Friday, December 14, 2007

Waiting

I must've mention many entries ago about the anxiety of waiting. I loathe the waiting period, or just waiting. Period. Finally I thought I should just blog it out so I can move on to something else, refocus and actually make progress.

I seem to always question why this day wound up being frustrating. Of course, I am trying to write 20 pages in, oh, I guess two days now. So, that's stressful, and then having an erratic eating schedule tops it off. Nowadays, it seems harder to cope with expectations falling short, or not materializing at all for that matter. Maybe I just had a crappy, useless day. Maybe I procrastinated too much on e-scrabble or whatever. Maybe I found myself waiting for a phonecall foolishly and then realized I wasn't going to get a call back. Maybe I just needed control of something to satisfy me.

...I wanted instant gratification so that I can move from point A to point B. I wanted someone to reassure me that my frustration was going to be over in a matter of 2 and 1/2 days, and I'll be free to run around like everyone else (or at least have the illusion of freedom).

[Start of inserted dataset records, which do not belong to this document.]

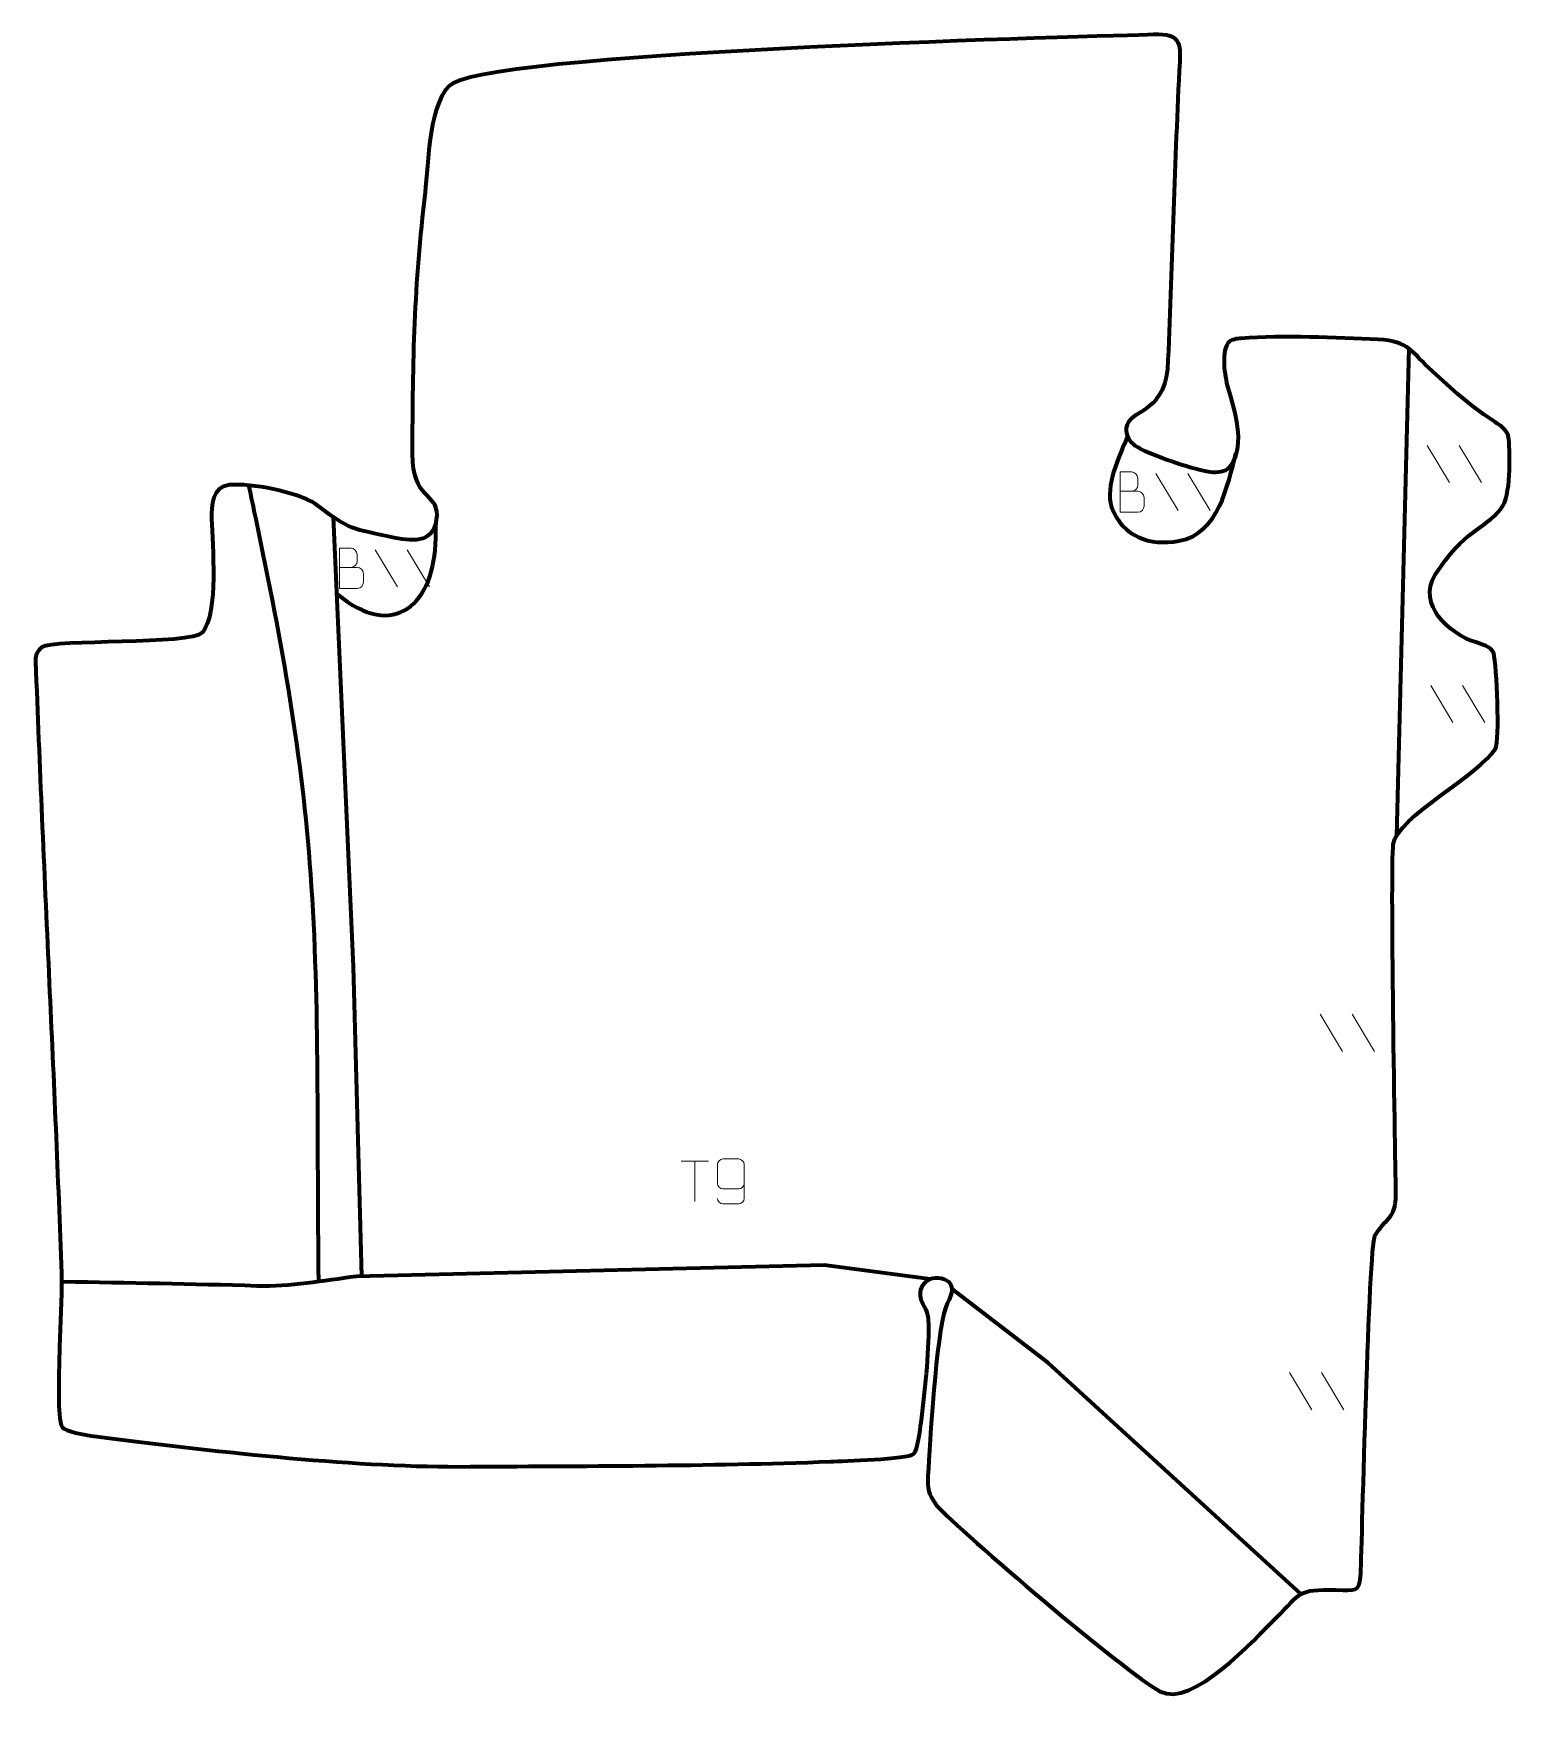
# Model space of a CAD drawing. Header units: millimetres. Extents: x 1170 to 1990, y -85 to 844.
import ezdxf

# ---------------------------------------------------------------- set-up
doc = ezdxf.new("R2010")
doc.units = ezdxf.units.MM
doc.header["$MEASUREMENT"] = 0
doc.layers.add('layer 2', color=7, linetype='Continuous')
doc.layers.add('layer 3', color=7, linetype='Continuous')

msp = doc.modelspace()

# ---------------------------------------------------------------- linework, layer by layer
at = {"layer": 'layer 2', "color": 142, "lineweight": 158}
msp.add_open_spline([(1932.9719, 669.2577), (1932.9719, 669.2577), (1926.1227, 399.2496), (1926.1227, 399.2496)], degree=3, dxfattribs=at)
for points, knots in [([(1777.0119, 620.7794), (1772.5065, 609.8617), (1764.2375, 593.1238), (1768.1326, 581.2995), (1768.1326, 581.2995), (1774.2418, 564.8226), (1789.1094, 559.7993), (1805.4671, 562.6918), (1805.4671, 562.6918), (1827.2852, 566.5502), (1832.4708, 593.2328), (1837.0534, 611.2549)], [0, 0, 0, 0, 0.25, 0.25, 0.25, 0.25, 0.5, 0.5, 0.5, 0.5, 1, 1, 1, 1]), ([(1289.5823, 593.4902), (1290.8932, 587.2182), (1292.1845, 580.942), (1293.515, 574.6741), (1293.515, 574.6741), (1308.2354, 505.331), (1319.2173, 442.9723), (1323.8915, 377.9246), (1323.8915, 377.9246), (1329.0986, 305.4622), (1327.1913, 230.3284), (1328.3137, 152.2359)], [0, 0, 0, 0, 0.25, 0.25, 0.25, 0.25, 0.5, 0.5, 0.5, 0.5, 1, 1, 1, 1]), ([(1352.4251, 154.9468), (1352.4251, 154.9468), (1347.762, 326.5963), (1347.762, 326.5963), (1347.762, 326.5963), (1347.762, 326.5963), (1336.5767, 575.8638), (1336.5767, 575.8638)], [0, 0, 0, 0, 0.33333333, 0.33333333, 0.33333333, 0.33333333, 1, 1, 1, 1]), ([(1338.4815, 533.4136), (1370.2897, 506.4564), (1393.0007, 528.24), (1393.3364, 564.1377), (1393.3364, 564.1377), (1393.4056, 567.3082), (1393.4598, 570.4744), (1393.5535, 573.6447)], [0, 0, 0, 0, 0.33333333, 0.33333333, 0.33333333, 0.33333333, 1, 1, 1, 1]), ([(1667.4167, 153.3614), (1667.4167, 153.3614), (1608.6434, 161.1156), (1608.6434, 161.1156), (1608.6434, 161.1156), (1608.6434, 161.1156), (1349.3633, 154.8731), (1349.3633, 154.8731), (1349.3633, 154.8731), (1330.7977, 152.4914), (1312.9218, 148.9865), (1294.1228, 149.5812), (1294.1228, 149.5812), (1258.3639, 150.7125), (1222.5761, 151.2172), (1186.8052, 151.9007), (1186.8052, 151.9007), (1186.8052, 151.9007), (1185.8492, 151.919), (1185.8492, 151.919)], [0, 0, 0, 0, 0.16666667, 0.16666667, 0.16666667, 0.16666667, 0.33333333, 0.33333333, 0.33333333, 0.33333333, 0.5, 0.5, 0.5, 0.5, 0.66666667, 0.66666667, 0.66666667, 0.66666667, 1, 1, 1, 1]), ([(1873.1826, -21.1776), (1873.1826, -21.1776), (1732.977, 106.9259), (1732.977, 106.9259), (1732.977, 106.9259), (1732.977, 106.9259), (1679.5922, 147.9814), (1679.5922, 147.9814)], [0, 0, 0, 0, 0.33333333, 0.33333333, 0.33333333, 0.33333333, 1, 1, 1, 1])]:
    msp.add_open_spline(points, degree=3, knots=knots, dxfattribs=at)
at = {"layer": 'layer 3', "color": 242, "lineweight": 158}
msp.add_open_spline([(1925.7882, 200.0517), (1925.435, 185.9027), (1919.905, 187.7571), (1914.1442, 177.3338), (1914.1442, 177.3338), (1910.7469, 171.1872), (1906.9116, 7.9391), (1906.3008, -9.7759), (1906.3008, -9.7759), (1905.6323, -20.8338), (1903.1305, -18.8454), (1892.7199, -18.9317), (1892.7199, -18.9317), (1870.6489, -18.6734), (1874.1393, -19.785), (1858.8314, -34.8578), (1858.8314, -34.8578), (1847.3695, -46.3365), (1812.7324, -84.6529), (1795.0976, -75.179), (1795.0976, -75.179), (1775.633, -64.7222), (1683.9131, 13.5624), (1671.475, 27.5342), (1671.475, 27.5342), (1671.475, 27.5342), (1670.7174, 28.4567), (1670.7174, 28.4567), (1670.7174, 28.4567), (1666.4333, 33.921), (1665.9069, 37.5603), (1666.2789, 44.3573), (1666.2789, 44.3573), (1667.307, 63.1385), (1670.6521, 121.3733), (1676.1853, 137.8519), (1676.1853, 137.8519), (1678.0173, 142.8833), (1683.3338, 150.2035), (1675.2179, 153.3592), (1675.2179, 153.3592), (1666.5292, 156.7377), (1658.8038, 148.6177), (1663.5274, 139.6165), (1663.5274, 139.6165), (1665.9514, 134.9973), (1666.5783, 134.0929), (1666.7107, 128.3944), (1666.7107, 128.3944), (1666.9464, 111.9732), (1664.6115, 90.0978), (1662.4265, 73.7759), (1662.4265, 73.7759), (1661.9661, 70.336), (1660.7125, 58.3181), (1658.3852, 56.4491), (1658.3852, 56.4491), (1654.8095, 53.5778), (1619.1029, 52.5453), (1612.3188, 52.2854), (1612.3188, 52.2854), (1543.7885, 49.6354), (1474.6863, 49.8819), (1406.0779, 49.4132), (1406.0779, 49.4132), (1345.3267, 49.2845), (1265.6517, 58.3129), (1205.3373, 66.1661), (1205.3373, 66.1661), (1197.2976, 67.213), (1188.4605, 68.8571), (1186.2157, 71.3903), (1186.2157, 71.3903), (1184.6099, 73.2025), (1184.2669, 83.6774), (1184.2757, 86.4748), (1184.2757, 86.4748), (1184.3292, 96.6655), (1184.511, 106.8458), (1184.7661, 117.0331), (1184.7661, 117.0331), (1185.1178, 130.1876), (1186.1926, 143.3592), (1185.754, 156.5174), (1185.754, 156.5174), (1183.9589, 210.2352), (1181.4571, 263.9204), (1179.0421, 317.6126), (1179.0421, 317.6126), (1176.4533, 375.1551), (1173.8241, 432.6574), (1171.6651, 490.22), (1171.6651, 490.22), (1171.4634, 495.5979), (1170.3064, 500.2552), (1175.002, 503.731), (1175.002, 503.731), (1181.1229, 508.2615), (1257.9361, 504.8165), (1263.9398, 511.8107), (1263.9398, 511.8107), (1273.1651, 523.341), (1269.3582, 560.0831), (1269.0754, 574.7579), (1269.0754, 574.7579), (1268.9313, 582.2377), (1269.375, 592.8085), (1278.7881, 593.6862), (1278.7881, 593.6862), (1290.9793, 594.823), (1316.1878, 589.8028), (1326.5337, 583.2273), (1326.5337, 583.2273), (1345.909, 568.4076), (1346.8472, 569.5188), (1370.2798, 564.4448), (1370.2798, 564.4448), (1381.8593, 561.9375), (1393.3534, 561.8164), (1393.8835, 576.9861), (1393.8835, 576.9861), (1393.8654, 590.025), (1380.2676, 585.6165), (1380.2937, 610.9364), (1380.2937, 610.9364), (1380.426, 662.5947), (1381.2106, 704.6966), (1387.4606, 756.0855), (1387.4606, 756.0855), (1389.1241, 770.3261), (1389.5046, 809.1628), (1403.1206, 816.5207), (1403.1206, 816.5207), (1436.3449, 834.4743), (1767.6519, 842.5407), (1791.068, 843.3805), (1791.068, 843.3805), (1808.0476, 843.9894), (1806.507, 837.8194), (1805.777, 823.2255), (1805.777, 823.2255), (1803.102, 768.1398), (1801.7147, 713.054), (1799.3312, 657.9803), (1799.3312, 657.9803), (1796.3295, 632.3302), (1778.3158, 636.5155), (1776.4528, 625.4549), (1776.4528, 625.4549), (1775.9843, 621.2197), (1777.9781, 617.9884), (1781.163, 615.449), (1781.163, 615.449), (1786.542, 611.1599), (1817.101, 600.7378), (1824.4455, 600.5787), (1824.4455, 600.5787), (1828.3699, 600.4937), (1832.1248, 601.287), (1834.1295, 604.3744), (1834.1295, 604.3744), (1842.2369, 616.8599), (1836.3976, 634.7029), (1832.5301, 647.8134), (1832.5301, 647.8134), (1830.9634, 653.4268), (1828.3716, 669.111), (1833.4956, 673.1869), (1833.4956, 673.1869), (1834.9067, 674.3095), (1837.3424, 674.7843), (1839.9527, 674.9771), (1839.9527, 674.9771), (1863.315, 676.7025), (1892.4264, 675.3871), (1915.9645, 674.4254), (1915.9645, 674.4254), (1933.3279, 673.3238), (1934.1312, 667.4866), (1945.9996, 656.7758), (1945.9996, 656.7758), (1956.8626, 646.9799), (1966.6663, 637.7717), (1978.9951, 629.7252), (1978.9951, 629.7252), (1983.2634, 626.9702), (1987.7839, 624.5804), (1988.3952, 619.1394), (1988.3952, 619.1394), (1988.9038, 609.8693), (1989.853, 587.7037), (1984.0166, 580.5238), (1984.0166, 580.5238), (1974.1093, 568.3384), (1963.6163, 568.9118), (1947.4887, 543.7908), (1947.4887, 543.7908), (1937.5255, 527.2178), (1955.1806, 511.1965), (1969.9975, 506.5508), (1969.9975, 506.5508), (1976.2301, 504.5966), (1978.8589, 503.054), (1979.9783, 500.4174), (1979.9783, 500.4174), (1981.6186, 493.533), (1983.5638, 452.0814), (1980.9265, 447.491), (1980.9265, 447.491), (1972.8403, 433.4165), (1926.1452, 409.3128), (1924.3203, 394.581), (1924.3203, 394.581), (1922.4954, 379.8492), (1925.7882, 200.0517), (1925.7882, 200.0517)], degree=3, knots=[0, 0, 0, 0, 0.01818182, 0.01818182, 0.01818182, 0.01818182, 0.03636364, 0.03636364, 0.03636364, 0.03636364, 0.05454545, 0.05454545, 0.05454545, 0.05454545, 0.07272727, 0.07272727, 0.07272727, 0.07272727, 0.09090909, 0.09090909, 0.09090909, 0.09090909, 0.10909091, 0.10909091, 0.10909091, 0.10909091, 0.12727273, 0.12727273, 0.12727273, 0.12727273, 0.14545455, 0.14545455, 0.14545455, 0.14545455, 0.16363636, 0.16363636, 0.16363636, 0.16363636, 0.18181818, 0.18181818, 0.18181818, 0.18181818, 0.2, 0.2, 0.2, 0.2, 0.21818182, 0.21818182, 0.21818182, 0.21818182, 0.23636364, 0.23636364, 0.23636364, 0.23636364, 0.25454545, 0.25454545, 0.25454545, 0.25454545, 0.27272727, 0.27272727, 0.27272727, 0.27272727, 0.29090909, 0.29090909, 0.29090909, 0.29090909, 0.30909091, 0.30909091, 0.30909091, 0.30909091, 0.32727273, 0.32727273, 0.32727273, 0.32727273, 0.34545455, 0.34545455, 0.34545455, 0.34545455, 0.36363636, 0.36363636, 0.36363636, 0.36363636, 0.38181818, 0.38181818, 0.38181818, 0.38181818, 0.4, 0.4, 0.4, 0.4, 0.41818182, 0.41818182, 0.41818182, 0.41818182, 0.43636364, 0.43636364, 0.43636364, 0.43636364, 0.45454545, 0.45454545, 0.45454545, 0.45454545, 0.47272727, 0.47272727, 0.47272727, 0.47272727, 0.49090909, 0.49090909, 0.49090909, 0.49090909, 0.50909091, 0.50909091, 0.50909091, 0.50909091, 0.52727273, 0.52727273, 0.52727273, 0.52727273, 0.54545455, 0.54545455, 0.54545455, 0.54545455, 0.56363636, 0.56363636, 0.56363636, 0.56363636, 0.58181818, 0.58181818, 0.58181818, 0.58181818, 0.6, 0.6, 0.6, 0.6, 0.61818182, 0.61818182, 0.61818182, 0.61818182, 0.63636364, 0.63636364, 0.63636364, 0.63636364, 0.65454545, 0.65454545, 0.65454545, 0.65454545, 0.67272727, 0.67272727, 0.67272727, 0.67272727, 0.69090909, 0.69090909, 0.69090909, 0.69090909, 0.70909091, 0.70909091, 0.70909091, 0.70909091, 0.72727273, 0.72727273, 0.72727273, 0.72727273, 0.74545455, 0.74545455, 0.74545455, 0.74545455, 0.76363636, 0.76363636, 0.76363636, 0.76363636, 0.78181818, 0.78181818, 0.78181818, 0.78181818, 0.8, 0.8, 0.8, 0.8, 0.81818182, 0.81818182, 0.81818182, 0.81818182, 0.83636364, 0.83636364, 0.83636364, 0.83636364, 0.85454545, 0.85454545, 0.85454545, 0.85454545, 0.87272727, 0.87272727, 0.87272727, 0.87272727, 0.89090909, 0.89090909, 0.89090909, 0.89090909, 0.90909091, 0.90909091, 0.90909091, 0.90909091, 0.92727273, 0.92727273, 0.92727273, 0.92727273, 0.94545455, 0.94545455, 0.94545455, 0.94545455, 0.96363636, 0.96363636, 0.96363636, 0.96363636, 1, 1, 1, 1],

It's true that I find myself creating small obstacles--or distractions -- that, more often than not, keep me from focusing on finishing up these damned papers, only to find myself feeling guilty at the end of night. Finally I think it means I want to be punished. And by the way, writing about this makes me feel like an overgrown 5 year old.
Boy, do I hate the way this day is turning out.

I have 3 hours before bedtime and I just have to write something, however crapped out it turns out. One more time to make me feel better? Boy, do I loathe this day and hope it is over soon so I can wake up feeling much better. I hope writing about this helps me tonight!

Wednesday, December 12, 2007

It hurts so bad.

That's right: reading an essay that quotes Zizek and Lacan's work. Why do I do this? Why do I give myself headaches? Why the compulsion to repeat? Is it really to master trauma?

One more week to go and I am free, sort of. So mentally exhausted. I can hibernate for a whole month.

Wednesday, December 05, 2007

breaking tasks

I need to learn to break assignments into smaller, managable tasks because I find myself all too frequently overwhelmed in the end. SMALLER TASKS.

what is the task tonight?

read novel and highlight or type out quotes that might be of use for rough draft.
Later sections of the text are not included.